__Description of the task__: If the records below hold pictures, omit them, and print exactly the lines from the first line through the line containing "import ezdxf", inclusive.

__Data extracted from a collection__:
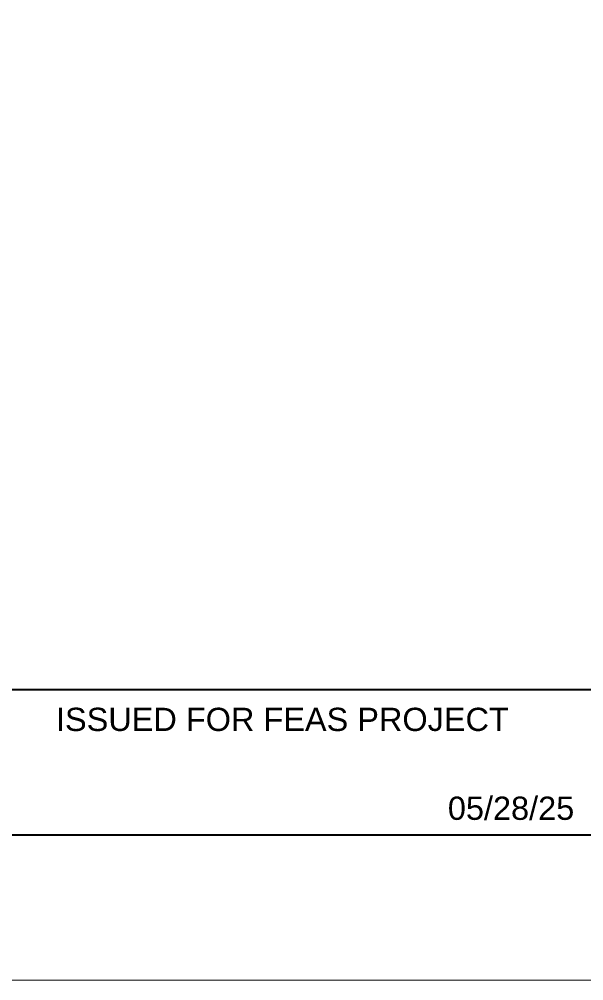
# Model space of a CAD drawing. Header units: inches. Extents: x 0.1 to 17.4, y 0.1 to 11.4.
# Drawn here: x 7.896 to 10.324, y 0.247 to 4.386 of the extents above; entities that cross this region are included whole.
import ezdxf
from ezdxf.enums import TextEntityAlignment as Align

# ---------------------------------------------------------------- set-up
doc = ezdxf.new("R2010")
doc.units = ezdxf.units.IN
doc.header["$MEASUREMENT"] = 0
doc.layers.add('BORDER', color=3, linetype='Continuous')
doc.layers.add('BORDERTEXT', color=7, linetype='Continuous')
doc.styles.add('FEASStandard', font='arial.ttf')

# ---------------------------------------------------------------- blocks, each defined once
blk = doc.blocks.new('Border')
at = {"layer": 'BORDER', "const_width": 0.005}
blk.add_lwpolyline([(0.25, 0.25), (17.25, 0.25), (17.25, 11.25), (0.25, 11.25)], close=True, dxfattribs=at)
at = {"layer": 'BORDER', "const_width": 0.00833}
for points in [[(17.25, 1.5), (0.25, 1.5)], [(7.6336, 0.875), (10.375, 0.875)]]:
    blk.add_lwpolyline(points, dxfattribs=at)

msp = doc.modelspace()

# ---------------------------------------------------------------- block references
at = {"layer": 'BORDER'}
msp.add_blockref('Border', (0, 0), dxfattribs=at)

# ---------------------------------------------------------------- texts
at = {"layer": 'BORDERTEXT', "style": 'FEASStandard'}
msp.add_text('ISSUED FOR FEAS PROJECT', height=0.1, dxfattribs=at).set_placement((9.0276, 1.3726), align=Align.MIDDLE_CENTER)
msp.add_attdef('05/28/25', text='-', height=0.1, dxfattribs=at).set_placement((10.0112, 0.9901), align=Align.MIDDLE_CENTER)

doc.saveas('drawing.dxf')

__Result__:
# Model space of a CAD drawing. Header units: inches. Extents: x 0.1 to 17.4, y 0.1 to 11.4.
# Drawn here: x 7.896 to 10.324, y 0.247 to 4.386 of the extents above; entities that cross this region are included whole.
import ezdxf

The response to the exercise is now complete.